A Kahneman también se lo considera el “Papa” de la economía del comportamiento. También me ayudó mucho para el libro Tal Ben-Shahar, uno de los máximos gurúes de la educación positiva. Yo sabía todas las cosas que dicen los libros de autoayuda, que las claves de la felicidad son la vida afectiva, el sentido de propósito, el contacto con la naturaleza, la actividad física… Pero había algo que no estaba en mi radar: el optimismo. Lo que aprendí es que el optimismo no es algo genético, que tenés o no tenés: se puede aprender y ejercitar. Cuento la investigación que hizo la Academia Nacional de Ciencia de Estados Unidos sobre 71.400 personas: se comprobó que los optimistas viven, en promedio, 6 años más que los pesimistas.
–Citás también el caso de las monjas de la orden de Notre Dame.
–Sí, claro. En la Universidad de Stanford estudiaron los ensayos de admisión a la orden hechos por monjas desde hacía más de 100 años. Cuando entraban al convento tenían que escribir las causas por las que querían hacerse monjas. Las pesimistas ponían: “El mundo es una porquería y yo quiero huir de todo eso, encontrar acá un refugio…”. Las optimistas decían: “Vengo para encontrarme con Dios, santificarme, hacer el bien…”. En Stanford leyeron esos ensayos y comprobaron, 100 años después, que las monjas optimistas habían vivido 10 años más. Yo hago mucho hincapié, sobre todo en el capítulo referido a las empresas, en la necesidad de desarrollar una cultura de optimismo realista. Por cierto, en estos momentos qué bien vendría esa cultura en la Argentina... El optimismo te da más energía, más creatividad, más dinamismo, y te hace más feliz. No te garantiza la felicidad, pero el pesimismo sí te garantiza la parálisis, la inercia, la complacencia y el fracaso. Hay que fomentar el optimismo a nivel personal, empresarial y también a nivel país.
–Un ejemplo de optimismo realista es la historia que relatás de los dos ejecutivos ingleses que van al África.

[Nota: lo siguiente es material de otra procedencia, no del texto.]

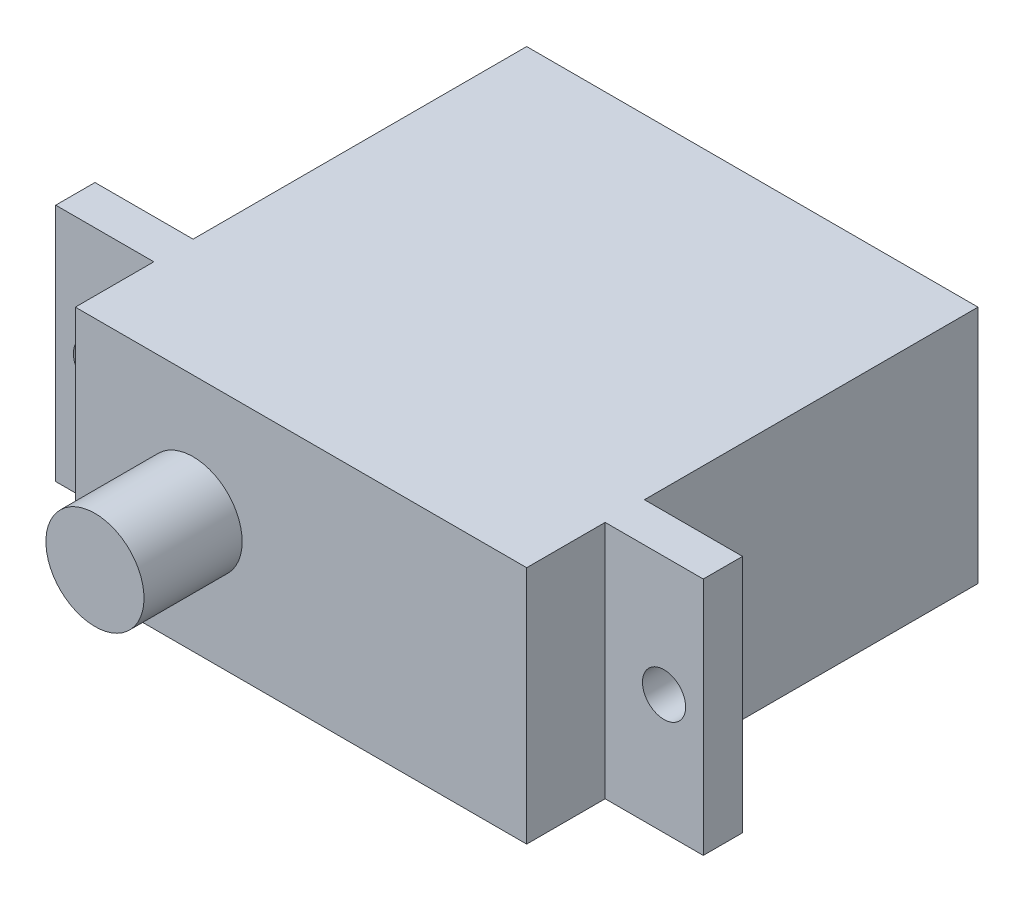
ISO-10303-21;
HEADER;
FILE_DESCRIPTION(('STEP AP214'),'2;1');
FILE_NAME('part.step','',(''),(''),'','','');
FILE_SCHEMA(('AUTOMOTIVE_DESIGN { 1 0 10303 214 1 1 1 1 }'));
ENDSEC;
DATA;
#1=APPLICATION_CONTEXT('core data for automotive mechanical design processes');
#2=APPLICATION_PROTOCOL_DEFINITION('international standard','automotive_design',2000,#1);
#3=PRODUCT_CONTEXT('',#1,'mechanical');
#4=PRODUCT('Part','Part','',(#3));
#5=PRODUCT_RELATED_PRODUCT_CATEGORY('part','',(#4));
#6=PRODUCT_DEFINITION_FORMATION('','',#4);
#7=PRODUCT_DEFINITION_CONTEXT('part definition',#1,'design');
#8=PRODUCT_DEFINITION('design','',#6,#7);
#9=PRODUCT_DEFINITION_SHAPE('','',#8);
#10=(LENGTH_UNIT() NAMED_UNIT(*) SI_UNIT(.MILLI.,.METRE.));
#11=(NAMED_UNIT(*) PLANE_ANGLE_UNIT() SI_UNIT($,.RADIAN.));
#12=(NAMED_UNIT(*) SI_UNIT($,.STERADIAN.) SOLID_ANGLE_UNIT());
#13=UNCERTAINTY_MEASURE_WITH_UNIT(LENGTH_MEASURE(1.E-05),#10,'distance_accuracy_value','');
#14=(GEOMETRIC_REPRESENTATION_CONTEXT(3) GLOBAL_UNCERTAINTY_ASSIGNED_CONTEXT((#13)) GLOBAL_UNIT_ASSIGNED_CONTEXT((#10,
#11,#12)) REPRESENTATION_CONTEXT('',''));
#15=CARTESIAN_POINT('',(0.,0.,0.));
#16=DIRECTION('',(0.,0.,1.));
#17=DIRECTION('',(1.,0.,0.));
#18=AXIS2_PLACEMENT_3D('',#15,#16,#17);
#19=CARTESIAN_POINT('',(-6.,-6.1,4.));
#20=DIRECTION('',(1.,0.,0.));
#21=DIRECTION('',(0.,0.,-1.));
#22=AXIS2_PLACEMENT_3D('',#19,#20,#21);
#23=PLANE('',#22);
#24=DIRECTION('',(0.,1.,0.));
#25=VECTOR('',#24,1.);
#26=CARTESIAN_POINT('',(-6.,-6.1,0.));
#27=LINE('',#26,#25);
#28=CARTESIAN_POINT('',(-6.,-6.1,0.));
#29=VERTEX_POINT('',#28);
#30=CARTESIAN_POINT('',(-6.,6.1,0.));
#31=VERTEX_POINT('',#30);
#32=EDGE_CURVE('E158',#29,#31,#27,.T.);
#33=ORIENTED_EDGE('',*,*,#32,.F.);
#34=DIRECTION('',(0.,0.,-1.));
#35=VECTOR('',#34,1.);
#36=CARTESIAN_POINT('',(-6.,-6.1,4.));
#37=LINE('',#36,#35);
#38=CARTESIAN_POINT('',(-6.,-6.1,4.));
#39=VERTEX_POINT('',#38);
#40=EDGE_CURVE('E139',#39,#29,#37,.T.);
#41=ORIENTED_EDGE('',*,*,#40,.F.);
#42=DIRECTION('',(0.,-1.,0.));
#43=VECTOR('',#42,1.);
#44=CARTESIAN_POINT('',(-6.,-6.1,4.));
#45=LINE('',#44,#43);
#46=CARTESIAN_POINT('',(-6.,6.1,4.));
#47=VERTEX_POINT('',#46);
#48=EDGE_CURVE('E166',#47,#39,#45,.T.);
#49=ORIENTED_EDGE('',*,*,#48,.F.);
#50=DIRECTION('',(0.,0.,-1.));
#51=VECTOR('',#50,1.);
#52=CARTESIAN_POINT('',(-6.,6.1,4.));
#53=LINE('',#52,#51);
#54=EDGE_CURVE('E186',#47,#31,#53,.T.);
#55=ORIENTED_EDGE('',*,*,#54,.T.);
#56=EDGE_LOOP('',(#33,#41,#49,#55));
#57=FACE_BOUND('',#56,.T.);
#58=ADVANCED_FACE('F39',(#57),#23,.F.);
#59=CARTESIAN_POINT('',(17.,-6.1,4.));
#60=DIRECTION('',(-1.,0.,0.));
#61=DIRECTION('',(0.,0.,1.));
#62=AXIS2_PLACEMENT_3D('',#59,#60,#61);
#63=PLANE('',#62);
#64=DIRECTION('',(0.,-1.,0.));
#65=VECTOR('',#64,1.);
#66=CARTESIAN_POINT('',(17.,-6.1,0.));
#67=LINE('',#66,#65);
#68=CARTESIAN_POINT('',(17.,6.1,0.));
#69=VERTEX_POINT('',#68);
#70=CARTESIAN_POINT('',(17.,-6.1,0.));
#71=VERTEX_POINT('',#70);
#72=EDGE_CURVE('E48',#69,#71,#67,.T.);
#73=ORIENTED_EDGE('',*,*,#72,.F.);
#74=DIRECTION('',(0.,0.,-1.));
#75=VECTOR('',#74,1.);
#76=CARTESIAN_POINT('',(17.,6.1,4.));
#77=LINE('',#76,#75);
#78=CARTESIAN_POINT('',(17.,6.1,4.));
#79=VERTEX_POINT('',#78);
#80=EDGE_CURVE('E194',#79,#69,#77,.T.);
#81=ORIENTED_EDGE('',*,*,#80,.F.);
#82=DIRECTION('',(0.,1.,0.));
#83=VECTOR('',#82,1.);
#84=CARTESIAN_POINT('',(17.,-6.1,4.));
#85=LINE('',#84,#83);
#86=CARTESIAN_POINT('',(17.,-6.1,4.));
#87=VERTEX_POINT('',#86);
#88=EDGE_CURVE('E172',#87,#79,#85,.T.);
#89=ORIENTED_EDGE('',*,*,#88,.F.);
#90=DIRECTION('',(0.,0.,-1.));
#91=VECTOR('',#90,1.);
#92=CARTESIAN_POINT('',(17.,-6.1,4.));
#93=LINE('',#92,#91);
#94=EDGE_CURVE('E200',#87,#71,#93,.T.);
#95=ORIENTED_EDGE('',*,*,#94,.T.);
#96=EDGE_LOOP('',(#73,#81,#89,#95));
#97=FACE_BOUND('',#96,.T.);
#98=ADVANCED_FACE('F271',(#97),#63,.F.);
#99=CARTESIAN_POINT('',(-6.,-6.1,-2.));
#100=VERTEX_POINT('',#99);
#101=CARTESIAN_POINT('',(-6.,-6.1,-19.));
#102=VERTEX_POINT('',#101);
#103=EDGE_CURVE('E199',#100,#102,#37,.T.);
#104=ORIENTED_EDGE('',*,*,#103,.F.);
#105=DIRECTION('',(0.,1.,0.));
#106=VECTOR('',#105,1.);
#107=CARTESIAN_POINT('',(-6.,-6.1,-2.));
#108=LINE('',#107,#106);
#109=CARTESIAN_POINT('',(-6.,6.1,-2.));
#110=VERTEX_POINT('',#109);
#111=EDGE_CURVE('E156',#100,#110,#108,.T.);
#112=ORIENTED_EDGE('',*,*,#111,.T.);
#113=CARTESIAN_POINT('',(-6.,6.1,-19.));
#114=VERTEX_POINT('',#113);
#115=EDGE_CURVE('E178',#110,#114,#53,.T.);
#116=ORIENTED_EDGE('',*,*,#115,.T.);
#117=DIRECTION('',(0.,-1.,0.));
#118=VECTOR('',#117,1.);
#119=CARTESIAN_POINT('',(-6.,-6.1,-19.));
#120=LINE('',#119,#118);
#121=EDGE_CURVE('E170',#114,#102,#120,.T.);
#122=ORIENTED_EDGE('',*,*,#121,.T.);
#123=EDGE_LOOP('',(#104,#112,#116,#122));
#124=FACE_BOUND('',#123,.T.);
#125=ADVANCED_FACE('F41',(#124),#23,.F.);
#126=CARTESIAN_POINT('',(-6.,-6.1,4.));
#127=DIRECTION('',(0.,1.,0.));
#128=DIRECTION('',(0.,0.,1.));
#129=AXIS2_PLACEMENT_3D('',#126,#127,#128);
#130=PLANE('',#129);
#131=ORIENTED_EDGE('',*,*,#40,.T.);
#132=DIRECTION('',(1.,0.,0.));
#133=VECTOR('',#132,1.);
#134=CARTESIAN_POINT('',(-11.,-6.1,0.));
#135=LINE('',#134,#133);
#136=CARTESIAN_POINT('',(-11.,-6.1,0.));
#137=VERTEX_POINT('',#136);
#138=EDGE_CURVE('E128',#137,#29,#135,.T.);
#139=ORIENTED_EDGE('',*,*,#138,.F.);
#140=DIRECTION('',(0.,0.,-1.));
#141=VECTOR('',#140,1.);
#142=CARTESIAN_POINT('',(-11.,-6.1,0.));
#143=LINE('',#142,#141);
#144=CARTESIAN_POINT('',(-11.,-6.1,-2.));
#145=VERTEX_POINT('',#144);
#146=EDGE_CURVE('E134',#137,#145,#143,.T.);
#147=ORIENTED_EDGE('',*,*,#146,.T.);
#148=DIRECTION('',(1.,0.,0.));
#149=VECTOR('',#148,1.);
#150=CARTESIAN_POINT('',(-11.,-6.1,-2.));
#151=LINE('',#150,#149);
#152=EDGE_CURVE('E228',#145,#100,#151,.T.);
#153=ORIENTED_EDGE('',*,*,#152,.T.);
#154=ORIENTED_EDGE('',*,*,#103,.T.);
#155=DIRECTION('',(1.,0.,0.));
#156=VECTOR('',#155,1.);
#157=CARTESIAN_POINT('',(-6.,-6.1,-19.));
#158=LINE('',#157,#156);
#159=CARTESIAN_POINT('',(17.,-6.1,-19.));
#160=VERTEX_POINT('',#159);
#161=EDGE_CURVE('E181',#102,#160,#158,.T.);
#162=ORIENTED_EDGE('',*,*,#161,.T.);
#163=CARTESIAN_POINT('',(17.,-6.1,-2.));
#164=VERTEX_POINT('',#163);
#165=EDGE_CURVE('E196',#164,#160,#93,.T.);
#166=ORIENTED_EDGE('',*,*,#165,.F.);
#167=CARTESIAN_POINT('',(22.,-6.1,-2.));
#168=VERTEX_POINT('',#167);
#169=EDGE_CURVE('E61',#164,#168,#151,.T.);
#170=ORIENTED_EDGE('',*,*,#169,.T.);
#171=DIRECTION('',(0.,0.,-1.));
#172=VECTOR('',#171,1.);
#173=CARTESIAN_POINT('',(22.,-6.1,0.));
#174=LINE('',#173,#172);
#175=CARTESIAN_POINT('',(22.,-6.1,0.));
#176=VERTEX_POINT('',#175);
#177=EDGE_CURVE('E157',#176,#168,#174,.T.);
#178=ORIENTED_EDGE('',*,*,#177,.F.);
#179=EDGE_CURVE('E145',#71,#176,#135,.T.);
#180=ORIENTED_EDGE('',*,*,#179,.F.);
#181=ORIENTED_EDGE('',*,*,#94,.F.);
#182=DIRECTION('',(1.,0.,0.));
#183=VECTOR('',#182,1.);
#184=CARTESIAN_POINT('',(-6.,-6.1,4.));
#185=LINE('',#184,#183);
#186=EDGE_CURVE('E171',#39,#87,#185,.T.);
#187=ORIENTED_EDGE('',*,*,#186,.F.);
#188=EDGE_LOOP('',(#131,#139,#147,#153,#154,#162,#166,#170,#178,#180,#181,#187));
#189=FACE_BOUND('',#188,.T.);
#190=ADVANCED_FACE('F135',(#189),#130,.F.);
#191=CARTESIAN_POINT('',(17.,6.1,-2.));
#192=VERTEX_POINT('',#191);
#193=CARTESIAN_POINT('',(17.,6.1,-19.));
#194=VERTEX_POINT('',#193);
#195=EDGE_CURVE('E195',#192,#194,#77,.T.);
#196=ORIENTED_EDGE('',*,*,#195,.F.);
#197=DIRECTION('',(0.,-1.,0.));
#198=VECTOR('',#197,1.);
#199=CARTESIAN_POINT('',(17.,-6.1,-2.));
#200=LINE('',#199,#198);
#201=EDGE_CURVE('E202',#192,#164,#200,.T.);
#202=ORIENTED_EDGE('',*,*,#201,.T.);
#203=ORIENTED_EDGE('',*,*,#165,.T.);
#204=DIRECTION('',(0.,1.,0.));
#205=VECTOR('',#204,1.);
#206=CARTESIAN_POINT('',(17.,-6.1,-19.));
#207=LINE('',#206,#205);
#208=EDGE_CURVE('E183',#160,#194,#207,.T.);
#209=ORIENTED_EDGE('',*,*,#208,.T.);
#210=EDGE_LOOP('',(#196,#202,#203,#209));
#211=FACE_BOUND('',#210,.T.);
#212=ADVANCED_FACE('F242',(#211),#63,.F.);
#213=CARTESIAN_POINT('',(-6.,6.1,4.));
#214=DIRECTION('',(0.,-1.,0.));
#215=DIRECTION('',(0.,0.,-1.));
#216=AXIS2_PLACEMENT_3D('',#213,#214,#215);
#217=PLANE('',#216);
#218=ORIENTED_EDGE('',*,*,#80,.T.);
#219=DIRECTION('',(-1.,0.,0.));
#220=VECTOR('',#219,1.);
#221=CARTESIAN_POINT('',(-11.,6.1,0.));
#222=LINE('',#221,#220);
#223=CARTESIAN_POINT('',(22.,6.1,0.));
#224=VERTEX_POINT('',#223);
#225=EDGE_CURVE('E222',#224,#69,#222,.T.);
#226=ORIENTED_EDGE('',*,*,#225,.F.);
#227=DIRECTION('',(0.,0.,-1.));
#228=VECTOR('',#227,1.);
#229=CARTESIAN_POINT('',(22.,6.1,0.));
#230=LINE('',#229,#228);
#231=CARTESIAN_POINT('',(22.,6.1,-2.));
#232=VERTEX_POINT('',#231);
#233=EDGE_CURVE('E162',#224,#232,#230,.T.);
#234=ORIENTED_EDGE('',*,*,#233,.T.);
#235=DIRECTION('',(-1.,0.,0.));
#236=VECTOR('',#235,1.);
#237=CARTESIAN_POINT('',(-11.,6.1,-2.));
#238=LINE('',#237,#236);
#239=EDGE_CURVE('E155',#232,#192,#238,.T.);
#240=ORIENTED_EDGE('',*,*,#239,.T.);
#241=ORIENTED_EDGE('',*,*,#195,.T.);
#242=DIRECTION('',(-1.,0.,0.));
#243=VECTOR('',#242,1.);
#244=CARTESIAN_POINT('',(-6.,6.1,-19.));
#245=LINE('',#244,#243);
#246=EDGE_CURVE('E175',#194,#114,#245,.T.);
#247=ORIENTED_EDGE('',*,*,#246,.T.);
#248=ORIENTED_EDGE('',*,*,#115,.F.);
#249=CARTESIAN_POINT('',(-11.,6.1,-2.));
#250=VERTEX_POINT('',#249);
#251=EDGE_CURVE('E57',#110,#250,#238,.T.);
#252=ORIENTED_EDGE('',*,*,#251,.T.);
#253=DIRECTION('',(0.,0.,-1.));
#254=VECTOR('',#253,1.);
#255=CARTESIAN_POINT('',(-11.,6.1,0.));
#256=LINE('',#255,#254);
#257=CARTESIAN_POINT('',(-11.,6.1,0.));
#258=VERTEX_POINT('',#257);
#259=EDGE_CURVE('E223',#258,#250,#256,.T.);
#260=ORIENTED_EDGE('',*,*,#259,.F.);
#261=EDGE_CURVE('E149',#31,#258,#222,.T.);
#262=ORIENTED_EDGE('',*,*,#261,.F.);
#263=ORIENTED_EDGE('',*,*,#54,.F.);
#264=DIRECTION('',(-1.,0.,0.));
#265=VECTOR('',#264,1.);
#266=CARTESIAN_POINT('',(-6.,6.1,4.));
#267=LINE('',#266,#265);
#268=EDGE_CURVE('E176',#79,#47,#267,.T.);
#269=ORIENTED_EDGE('',*,*,#268,.F.);
#270=EDGE_LOOP('',(#218,#226,#234,#240,#241,#247,#248,#252,#260,#262,#263,#269));
#271=FACE_BOUND('',#270,.T.);
#272=ADVANCED_FACE('F240',(#271),#217,.F.);
#273=CARTESIAN_POINT('',(0.,0.,4.));
#274=DIRECTION('',(0.,0.,-1.));
#275=DIRECTION('',(-1.,0.,0.));
#276=AXIS2_PLACEMENT_3D('',#273,#274,#275);
#277=PLANE('',#276);
#278=CARTESIAN_POINT('',(0.,0.,4.));
#279=DIRECTION('',(0.,0.,1.));
#280=DIRECTION('',(1.,0.,0.));
#281=AXIS2_PLACEMENT_3D('',#278,#279,#280);
#282=CIRCLE('',#281,2.5);
#283=CARTESIAN_POINT('',(2.5,0.,4.));
#284=VERTEX_POINT('',#283);
#285=EDGE_CURVE('E11',#284,#284,#282,.T.);
#286=ORIENTED_EDGE('',*,*,#285,.F.);
#287=EDGE_LOOP('',(#286));
#288=FACE_BOUND('',#287,.T.);
#289=ORIENTED_EDGE('',*,*,#48,.T.);
#290=ORIENTED_EDGE('',*,*,#186,.T.);
#291=ORIENTED_EDGE('',*,*,#88,.T.);
#292=ORIENTED_EDGE('',*,*,#268,.T.);
#293=EDGE_LOOP('',(#289,#290,#291,#292));
#294=FACE_BOUND('',#293,.T.);
#295=ADVANCED_FACE('F293',(#288,#294),#277,.F.);
#296=CARTESIAN_POINT('',(0.,0.,-19.));
#297=DIRECTION('',(0.,0.,-1.));
#298=DIRECTION('',(-1.,0.,0.));
#299=AXIS2_PLACEMENT_3D('',#296,#297,#298);
#300=PLANE('',#299);
#301=ORIENTED_EDGE('',*,*,#121,.F.);
#302=ORIENTED_EDGE('',*,*,#246,.F.);
#303=ORIENTED_EDGE('',*,*,#208,.F.);
#304=ORIENTED_EDGE('',*,*,#161,.F.);
#305=EDGE_LOOP('',(#301,#302,#303,#304));
#306=FACE_BOUND('',#305,.T.);
#307=ADVANCED_FACE('F255',(#306),#300,.T.);
#308=CARTESIAN_POINT('',(22.,-6.1,0.));
#309=DIRECTION('',(-1.,0.,0.));
#310=DIRECTION('',(0.,0.,1.));
#311=AXIS2_PLACEMENT_3D('',#308,#309,#310);
#312=PLANE('',#311);
#313=DIRECTION('',(0.,1.,0.));
#314=VECTOR('',#313,1.);
#315=CARTESIAN_POINT('',(22.,-6.1,-2.));
#316=LINE('',#315,#314);
#317=EDGE_CURVE('E226',#168,#232,#316,.T.);
#318=ORIENTED_EDGE('',*,*,#317,.T.);
#319=ORIENTED_EDGE('',*,*,#233,.F.);
#320=DIRECTION('',(0.,1.,0.));
#321=VECTOR('',#320,1.);
#322=CARTESIAN_POINT('',(22.,-6.1,0.));
#323=LINE('',#322,#321);
#324=EDGE_CURVE('E142',#176,#224,#323,.T.);
#325=ORIENTED_EDGE('',*,*,#324,.F.);
#326=ORIENTED_EDGE('',*,*,#177,.T.);
#327=EDGE_LOOP('',(#318,#319,#325,#326));
#328=FACE_BOUND('',#327,.T.);
#329=ADVANCED_FACE('F270',(#328),#312,.F.);
#330=CARTESIAN_POINT('',(0.,0.,-2.));
#331=DIRECTION('',(0.,0.,-1.));
#332=DIRECTION('',(-1.,0.,0.));
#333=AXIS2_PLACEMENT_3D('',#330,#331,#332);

–No sé si es una historia real o una leyenda, pero ayuda mucho a entender de qué se trata. En el año 1900, dos ingleses de una fábrica de calzados van al África para explorar ese mercado. A las 24 horas, uno de ellos le manda un telegrama a su jefe: “Malas noticias, acá todo el mundo está descalzo. Me vuelvo a Londres”. El otro, que había visto exactamente lo mismo, también manda un telegrama: “Buenísimas noticias, acá todo el mundo está descalzo. Tenemos una gran oportunidad”. Muchos estudios sostienen que el éxito no conduce a la felicidad, sino la felicidad conduce al éxito. Pura lógica. La gente infeliz vive deprimida, se arrastra cuando va al trabajo, es improductiva.
–¿Cómo están encarando en el mundo corporativo este desánimo generalizado?
–Muchas empresas están creando el puesto de director de Felicidad. Yo entrevisté a varios, de grandes corporaciones multinacionales, como Deloitte, que tiene más de 300.000 empleados. La directora de Felicidad de Deloitte me dijo, por ejemplo, que organizan guardias rotativas para que los que atienden clientes en todo el mundo, con los distintos usos horarios, no tengan que estar leyendo mails después de las 6 de la tarde. Acciones como esa surgen de consultas que les hacen a los empleados. En el mundo hay un problema terrible con las cifras de burnout, el agotamiento laboral. Solo el 20% de la gente se siente estimulada por su trabajo; el 62% se siente indiferente, y el 18% se siente miserable. Y está comprobado que las empresas con gente feliz son mucho más innovadoras, creativas y productivas. En Netflix empezaron con un régimen de vacaciones sin límites.
–Venís todos los años al país: ¿cómo estás viendo a los argentinos?
–La Argentina está atravesando una gravísima crisis económica y eso obviamente repercute en el ánimo. No hay que ser un gran observador para darse cuenta de que la gente no está bien. Pero creo que el triunfo de Milei puede ser una enorme oportunidad para terminar con el desastre del populismo kirchnerista, que Massa también representaba. Claro que Milei tendrá que dominar sus impulsos narcisistas y darse cuenta de que necesita una alianza. Una alianza duradera, programática, con Macri, Patricia Bullrich y otros sectores de centro y centroderecha. Por los nombramientos que ha hecho, por ahora parecería que lo entiende. No va a poder gobernar solo con su hermana.